# How long did it take him?



## -Chelsey- (Jun 16, 2008)

I'm not sure if there's another thread like this or not.

I was reading in Cosmopolitan magazine that they did a study that said on average it takes a man 3 years, 6 months and 20 days to propose.

If this is true I should be expecting a ring around January 24, 2009 lol

How long did it take your S/O to propose?


----------



## Dragonfly (Jun 16, 2008)

He and I dated 3 months and he half assed proposed.And I half assed answered. About a month later, he and I started looking for an engagement ring. He finally got down on one knee about a month later.

So five month I would say.


----------



## kdmakeuparts (Jun 16, 2008)

I don't know exactly when it was but I would say really close to the 3 1/2 year mark.


----------



## Adrienne (Jun 16, 2008)

We we're at out 6 months.


----------



## Andi (Jun 16, 2008)

We had been seeing each other for a year, but were only officially together for like 9 months. But it was very clear that this is different from any relationship either one of us had had before.

After he left Austria, we were on the phone and kinda agreed to get engaged when I go see him in the US. He did propose on one knee. The ring came a few days later, we picked it out together.

It was nice and everything, but I always wanted a big public proposal. I made it clear that he still has to do that, even though weÂ´re already engaged


----------



## puncturedskirt (Jun 16, 2008)

PFFT, If that's the case, I would've been proposed to over 2 and a half years ago.


----------



## daer0n (Jun 16, 2008)

It took him only a few days lol

i think he did it two weeks after we met haha.


----------



## pinksugar (Jun 17, 2008)

my parents got engaged 6 months after they started dating.

As for me.. that sucks.

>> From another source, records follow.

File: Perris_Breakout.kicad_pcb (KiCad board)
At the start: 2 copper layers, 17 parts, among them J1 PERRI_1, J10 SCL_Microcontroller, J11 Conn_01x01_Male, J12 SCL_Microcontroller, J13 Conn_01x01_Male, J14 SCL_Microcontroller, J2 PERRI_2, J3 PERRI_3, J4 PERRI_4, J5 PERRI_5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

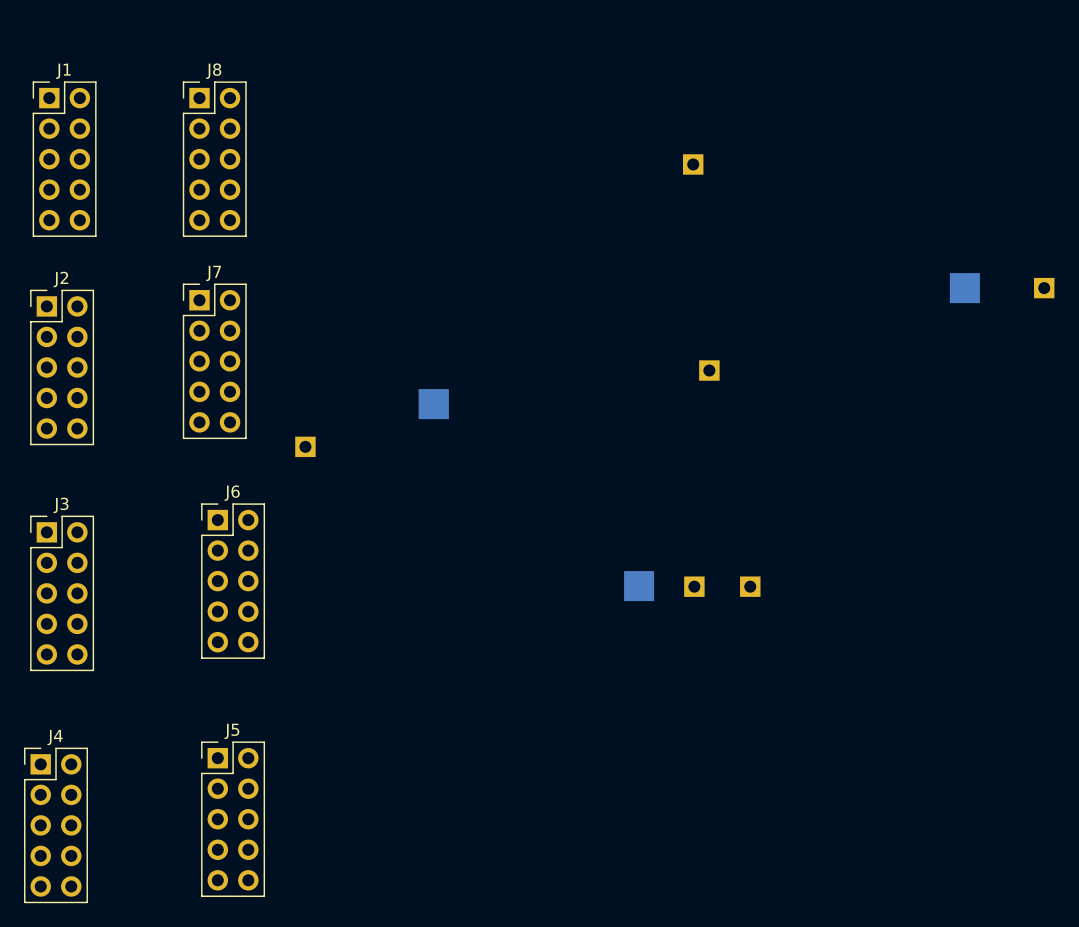
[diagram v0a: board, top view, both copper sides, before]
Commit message: Finished Perri I2C Breakout Board
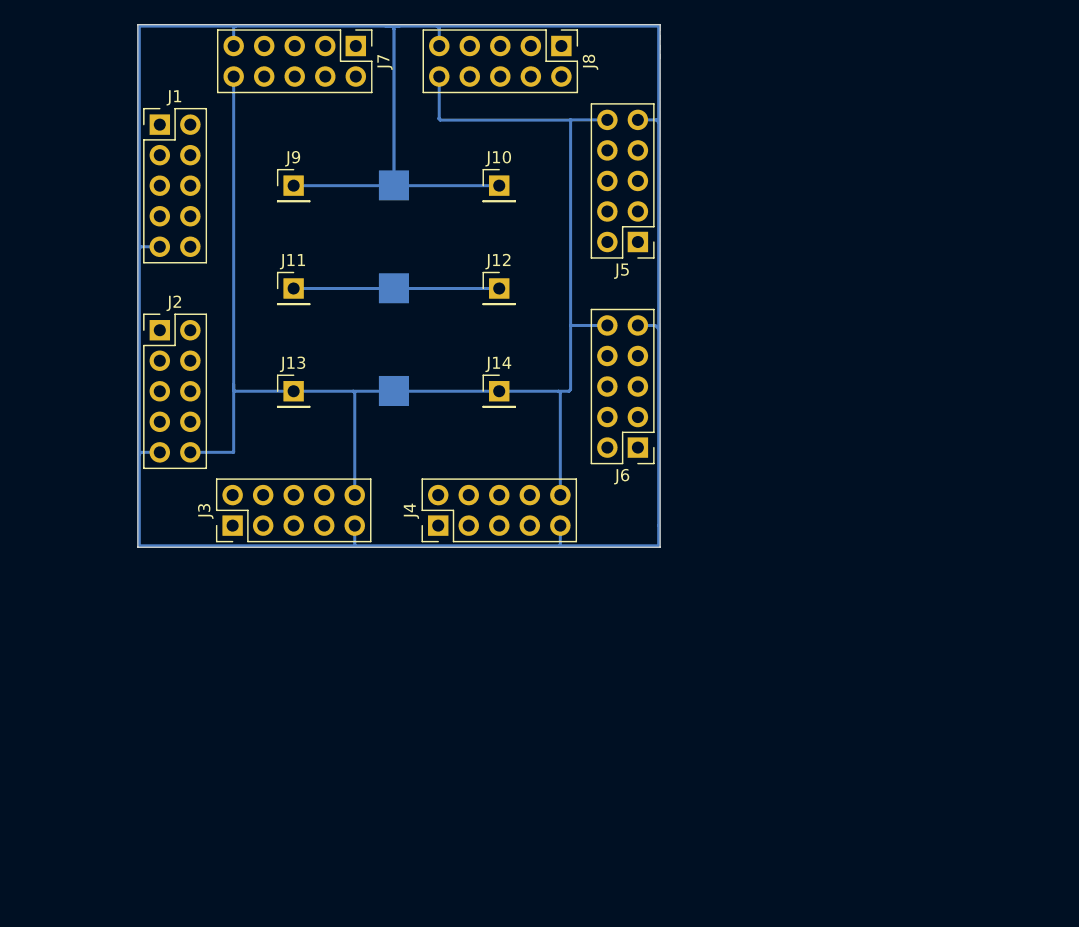
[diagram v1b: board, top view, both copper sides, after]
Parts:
- J10, J11, J12, J13, J14, J9: moved to F.Cu
- moved J9 63.0 mm to (111.5, 63.1), turned to 0 degrees
- moved J5 55.4 mm to (140.1, 67.8), turned to 180 degrees
- moved TP1 48.3 mm to (119.8, 63.1)
- moved J11 41.6 mm to (111.5, 71.7), turned to 0 degrees
- moved J4 38.6 mm to (123.5, 91.4), turned to 90 degrees
- moved J13 38.2 mm to (111.5, 80.2), turned to 0 degrees
- moved J6 35.5 mm to (140.1, 84.9), turned to 180 degrees
- moved J8 30.4 mm to (133.7, 51.5), turned to -90 degrees
- moved J10 27.1 mm to (128.6, 63.1), turned to 0 degrees
- moved J14 26.5 mm to (128.6, 80.2), turned to 0 degrees
- moved TP3 26.1 mm to (119.8, 80.2)
- moved J7 24.8 mm to (116.6, 51.5), turned to -90 degrees
- moved J12 18.8 mm to (128.6, 71.7), turned to 0 degrees
- moved J3 15.5 mm to (106.4, 91.4), turned to 90 degrees
- moved TP2 10.2 mm to (119.8, 71.6)
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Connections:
- J11 pad 1: /SDA -> /GND
- J12 pad 1: /SDA -> /GND
- J13 pad 1: /GND -> /SDA
- J14 pad 1: /GND -> /SDA
- TP2 pad 1: /SDA -> /GND
- TP3 pad 1: /GND -> /SDA
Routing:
- net /SCL: track 0.00 -> 218.6 mm
- net /SDA: track 0.00 -> 124.0 mm
- net /GND: track 0.00 -> 17.1 mm
- added copper zone on B.Cu, net /GND
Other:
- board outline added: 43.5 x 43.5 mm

I have at LEAST 3 years, 6 months and 20 days until I get engaged...

probably more like 4 years + since I'm not even dating!

If I do some rough calculations...

A psychic told me I'd get married in 2014. Assuming that we're engaged for one year, thats 2013. THEN, add to that the 3 years and 6 months (to simplify things we'll ignore the 20 days). I SHOULD meet my soulmate halfway through next year. Fingers and toes crossed everyone!


----------



## Aprill (Jun 17, 2008)

3 months for me


----------



## McRubel (Jun 17, 2008)

well.....my fiance and I dated two years ago for about a year or so. Then we broke up. After 2 years apart, we got back together. We dated 1 year and 7 months when he proposed (last month!).


----------



## empericalbeauty (Jun 18, 2008)

1 year 7 months (8 days shy of being 1 year 8 months). It was rainy and on a thursday!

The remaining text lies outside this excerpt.